# What is being asked
Every line below from the one containing "nu = size_B(2)" through the one containing "Sine Wave1 : Sin" is to be printed exactly, with the pictures omitted.

□ □ □ □ □ □ □

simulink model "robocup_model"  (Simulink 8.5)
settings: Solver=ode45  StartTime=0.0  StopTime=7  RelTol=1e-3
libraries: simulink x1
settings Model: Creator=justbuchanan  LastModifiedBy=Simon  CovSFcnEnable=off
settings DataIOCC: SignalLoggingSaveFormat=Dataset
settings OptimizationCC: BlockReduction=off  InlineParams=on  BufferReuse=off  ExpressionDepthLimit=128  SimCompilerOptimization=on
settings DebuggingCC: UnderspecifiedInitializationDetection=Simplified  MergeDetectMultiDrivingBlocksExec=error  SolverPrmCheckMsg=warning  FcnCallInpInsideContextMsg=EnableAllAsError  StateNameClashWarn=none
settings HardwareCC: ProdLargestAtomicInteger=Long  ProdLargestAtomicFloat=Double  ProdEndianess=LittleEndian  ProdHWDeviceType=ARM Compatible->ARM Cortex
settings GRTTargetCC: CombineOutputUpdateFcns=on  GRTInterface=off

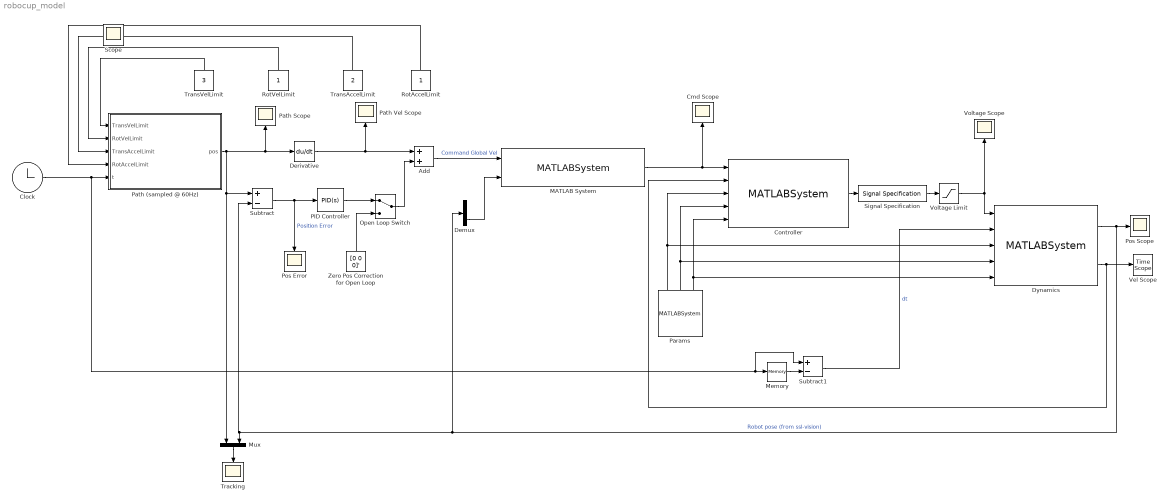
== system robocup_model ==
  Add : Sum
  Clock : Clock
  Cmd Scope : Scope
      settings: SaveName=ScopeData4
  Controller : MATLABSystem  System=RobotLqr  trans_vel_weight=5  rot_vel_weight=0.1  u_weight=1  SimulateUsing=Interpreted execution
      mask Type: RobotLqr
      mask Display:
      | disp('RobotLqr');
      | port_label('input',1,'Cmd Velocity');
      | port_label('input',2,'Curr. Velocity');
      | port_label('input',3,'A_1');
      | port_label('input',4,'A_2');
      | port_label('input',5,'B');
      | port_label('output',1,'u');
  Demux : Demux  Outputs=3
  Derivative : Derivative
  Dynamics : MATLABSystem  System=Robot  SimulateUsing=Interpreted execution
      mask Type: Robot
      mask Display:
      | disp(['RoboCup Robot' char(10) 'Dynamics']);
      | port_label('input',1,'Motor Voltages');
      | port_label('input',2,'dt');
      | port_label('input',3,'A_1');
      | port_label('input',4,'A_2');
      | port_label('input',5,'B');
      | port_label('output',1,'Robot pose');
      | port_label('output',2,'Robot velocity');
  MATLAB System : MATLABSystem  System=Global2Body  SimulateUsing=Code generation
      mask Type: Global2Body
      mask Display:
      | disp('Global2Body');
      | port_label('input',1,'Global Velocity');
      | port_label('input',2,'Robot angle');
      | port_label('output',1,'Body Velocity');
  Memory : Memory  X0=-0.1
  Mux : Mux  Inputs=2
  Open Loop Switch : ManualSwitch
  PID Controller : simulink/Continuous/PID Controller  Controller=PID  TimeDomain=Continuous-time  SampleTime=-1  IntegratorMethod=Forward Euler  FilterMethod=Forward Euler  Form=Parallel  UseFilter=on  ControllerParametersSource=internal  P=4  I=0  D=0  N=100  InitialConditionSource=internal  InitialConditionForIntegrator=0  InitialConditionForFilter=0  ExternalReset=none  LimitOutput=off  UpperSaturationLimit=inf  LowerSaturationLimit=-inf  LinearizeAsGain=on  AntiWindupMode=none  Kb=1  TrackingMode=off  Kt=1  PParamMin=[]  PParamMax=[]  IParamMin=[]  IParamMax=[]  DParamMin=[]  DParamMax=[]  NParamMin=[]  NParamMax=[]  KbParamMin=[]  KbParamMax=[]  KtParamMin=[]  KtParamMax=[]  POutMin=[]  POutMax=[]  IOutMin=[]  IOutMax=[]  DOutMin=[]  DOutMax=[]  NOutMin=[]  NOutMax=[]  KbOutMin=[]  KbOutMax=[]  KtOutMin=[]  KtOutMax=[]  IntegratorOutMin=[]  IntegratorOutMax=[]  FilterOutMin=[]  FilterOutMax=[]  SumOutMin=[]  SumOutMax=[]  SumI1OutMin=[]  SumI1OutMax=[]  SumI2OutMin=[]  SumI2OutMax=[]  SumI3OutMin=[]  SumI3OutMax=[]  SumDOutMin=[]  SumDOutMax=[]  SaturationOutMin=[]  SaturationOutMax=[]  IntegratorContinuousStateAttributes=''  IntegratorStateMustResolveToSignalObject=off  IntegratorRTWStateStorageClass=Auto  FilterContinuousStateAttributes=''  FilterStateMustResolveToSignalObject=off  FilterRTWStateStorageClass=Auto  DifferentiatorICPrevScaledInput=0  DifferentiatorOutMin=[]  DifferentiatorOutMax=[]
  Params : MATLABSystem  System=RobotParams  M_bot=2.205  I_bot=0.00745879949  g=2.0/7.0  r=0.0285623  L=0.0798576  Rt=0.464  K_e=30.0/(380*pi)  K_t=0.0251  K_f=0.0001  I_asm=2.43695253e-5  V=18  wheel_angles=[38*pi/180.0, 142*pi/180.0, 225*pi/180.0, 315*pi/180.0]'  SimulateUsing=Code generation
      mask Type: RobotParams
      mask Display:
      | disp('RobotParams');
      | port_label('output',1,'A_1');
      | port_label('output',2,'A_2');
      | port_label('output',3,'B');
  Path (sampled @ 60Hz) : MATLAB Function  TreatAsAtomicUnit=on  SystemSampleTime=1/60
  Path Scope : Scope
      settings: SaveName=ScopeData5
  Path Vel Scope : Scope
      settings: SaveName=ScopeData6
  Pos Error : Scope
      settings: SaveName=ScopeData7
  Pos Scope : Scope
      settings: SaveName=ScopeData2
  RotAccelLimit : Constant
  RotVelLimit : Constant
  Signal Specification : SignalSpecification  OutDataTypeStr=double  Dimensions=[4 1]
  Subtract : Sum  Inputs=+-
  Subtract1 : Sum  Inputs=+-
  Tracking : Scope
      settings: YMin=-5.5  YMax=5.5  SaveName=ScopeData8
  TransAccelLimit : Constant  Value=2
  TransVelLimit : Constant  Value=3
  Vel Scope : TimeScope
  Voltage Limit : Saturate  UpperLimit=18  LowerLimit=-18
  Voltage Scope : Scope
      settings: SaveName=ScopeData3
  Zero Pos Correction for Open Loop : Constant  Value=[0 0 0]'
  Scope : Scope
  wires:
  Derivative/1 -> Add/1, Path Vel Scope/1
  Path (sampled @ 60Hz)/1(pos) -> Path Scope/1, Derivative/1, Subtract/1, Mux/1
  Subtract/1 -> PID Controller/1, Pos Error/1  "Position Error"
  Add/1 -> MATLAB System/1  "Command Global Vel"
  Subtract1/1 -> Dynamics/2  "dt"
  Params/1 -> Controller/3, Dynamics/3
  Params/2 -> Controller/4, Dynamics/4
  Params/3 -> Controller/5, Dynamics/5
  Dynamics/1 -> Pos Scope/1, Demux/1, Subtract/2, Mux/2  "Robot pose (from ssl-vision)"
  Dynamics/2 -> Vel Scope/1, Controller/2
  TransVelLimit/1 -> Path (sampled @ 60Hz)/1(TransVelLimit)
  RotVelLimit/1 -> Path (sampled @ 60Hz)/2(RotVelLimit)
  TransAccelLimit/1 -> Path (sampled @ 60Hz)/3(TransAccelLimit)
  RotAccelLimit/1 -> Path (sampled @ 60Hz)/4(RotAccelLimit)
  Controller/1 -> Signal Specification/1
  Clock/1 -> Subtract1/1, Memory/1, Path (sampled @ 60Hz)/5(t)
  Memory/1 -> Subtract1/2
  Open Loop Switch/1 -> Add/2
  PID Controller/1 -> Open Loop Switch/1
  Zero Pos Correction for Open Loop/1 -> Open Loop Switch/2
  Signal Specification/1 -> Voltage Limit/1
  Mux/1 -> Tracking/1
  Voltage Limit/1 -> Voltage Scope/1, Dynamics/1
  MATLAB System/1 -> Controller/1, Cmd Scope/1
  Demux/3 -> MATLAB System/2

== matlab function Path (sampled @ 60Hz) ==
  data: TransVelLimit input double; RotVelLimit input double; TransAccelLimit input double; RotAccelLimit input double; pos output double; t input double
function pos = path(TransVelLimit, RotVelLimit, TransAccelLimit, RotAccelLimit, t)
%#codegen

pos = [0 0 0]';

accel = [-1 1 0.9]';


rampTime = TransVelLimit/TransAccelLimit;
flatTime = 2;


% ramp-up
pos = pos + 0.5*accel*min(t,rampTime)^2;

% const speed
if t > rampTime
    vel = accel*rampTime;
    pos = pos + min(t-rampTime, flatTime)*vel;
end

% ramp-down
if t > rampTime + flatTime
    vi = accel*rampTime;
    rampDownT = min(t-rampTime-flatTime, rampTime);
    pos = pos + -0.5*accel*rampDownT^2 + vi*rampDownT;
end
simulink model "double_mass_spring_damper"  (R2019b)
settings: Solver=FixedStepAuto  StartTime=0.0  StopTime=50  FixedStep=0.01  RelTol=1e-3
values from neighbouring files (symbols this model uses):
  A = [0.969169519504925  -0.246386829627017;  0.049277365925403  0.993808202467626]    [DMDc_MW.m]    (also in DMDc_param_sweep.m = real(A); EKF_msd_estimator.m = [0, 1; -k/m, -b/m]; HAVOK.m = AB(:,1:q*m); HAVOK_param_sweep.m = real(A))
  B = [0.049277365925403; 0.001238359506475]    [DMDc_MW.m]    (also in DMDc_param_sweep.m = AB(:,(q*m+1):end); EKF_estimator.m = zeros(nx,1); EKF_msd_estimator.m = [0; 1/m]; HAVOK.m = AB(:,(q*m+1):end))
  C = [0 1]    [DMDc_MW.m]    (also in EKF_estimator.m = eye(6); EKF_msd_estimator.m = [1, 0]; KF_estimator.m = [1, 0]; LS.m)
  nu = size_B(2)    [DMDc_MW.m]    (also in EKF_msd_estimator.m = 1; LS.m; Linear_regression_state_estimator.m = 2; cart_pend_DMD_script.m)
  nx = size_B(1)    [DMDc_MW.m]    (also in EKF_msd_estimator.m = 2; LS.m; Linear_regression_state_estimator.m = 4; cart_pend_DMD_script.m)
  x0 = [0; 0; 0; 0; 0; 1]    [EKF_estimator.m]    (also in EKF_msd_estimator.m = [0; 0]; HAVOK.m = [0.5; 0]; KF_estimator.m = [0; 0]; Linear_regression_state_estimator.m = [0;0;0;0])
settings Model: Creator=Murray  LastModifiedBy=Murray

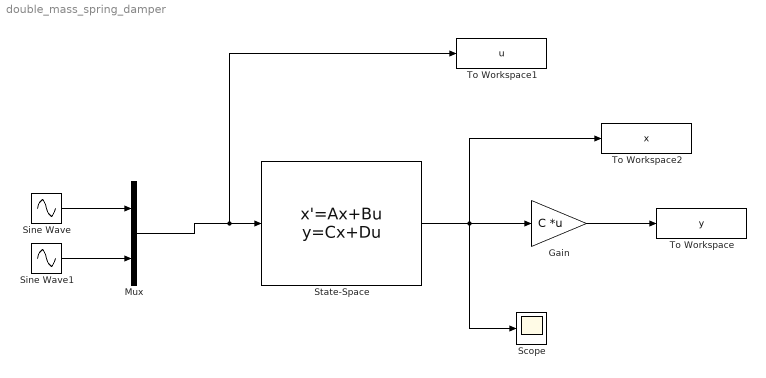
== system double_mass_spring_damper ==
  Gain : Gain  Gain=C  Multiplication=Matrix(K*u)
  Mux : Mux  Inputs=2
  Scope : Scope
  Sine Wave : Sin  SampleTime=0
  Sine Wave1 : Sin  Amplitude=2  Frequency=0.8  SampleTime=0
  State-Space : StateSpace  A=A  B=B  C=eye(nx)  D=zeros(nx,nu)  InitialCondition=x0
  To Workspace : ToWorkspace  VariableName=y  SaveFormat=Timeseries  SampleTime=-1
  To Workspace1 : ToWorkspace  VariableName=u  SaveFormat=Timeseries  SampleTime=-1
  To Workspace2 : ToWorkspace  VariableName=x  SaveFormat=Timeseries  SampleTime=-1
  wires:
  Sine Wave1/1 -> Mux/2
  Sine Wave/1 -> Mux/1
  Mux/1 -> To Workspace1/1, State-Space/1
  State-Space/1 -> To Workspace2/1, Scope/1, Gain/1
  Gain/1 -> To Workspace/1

□ □ □ □ □ □ □

# Solved problem
  nu = size_B(2)    [DMDc_MW.m]    (also in EKF_msd_estimator.m = 1; LS.m; Linear_regression_state_estimator.m = 2; cart_pend_DMD_script.m)
  nx = size_B(1)    [DMDc_MW.m]    (also in EKF_msd_estimator.m = 2; LS.m; Linear_regression_state_estimator.m = 4; cart_pend_DMD_script.m)
  x0 = [0; 0; 0; 0; 0; 1]    [EKF_estimator.m]    (also in EKF_msd_estimator.m = [0; 0]; HAVOK.m = [0.5; 0]; KF_estimator.m = [0; 0]; Linear_regression_state_estimator.m = [0;0;0;0])
settings Model: Creator=Murray  LastModifiedBy=Murray

== system double_mass_spring_damper ==
  Gain : Gain  Gain=C  Multiplication=Matrix(K*u)
  Mux : Mux  Inputs=2
  Scope : Scope
  Sine Wave : Sin  SampleTime=0
  Sine Wave1 : Sin  Amplitude=2  Frequency=0.8  SampleTime=0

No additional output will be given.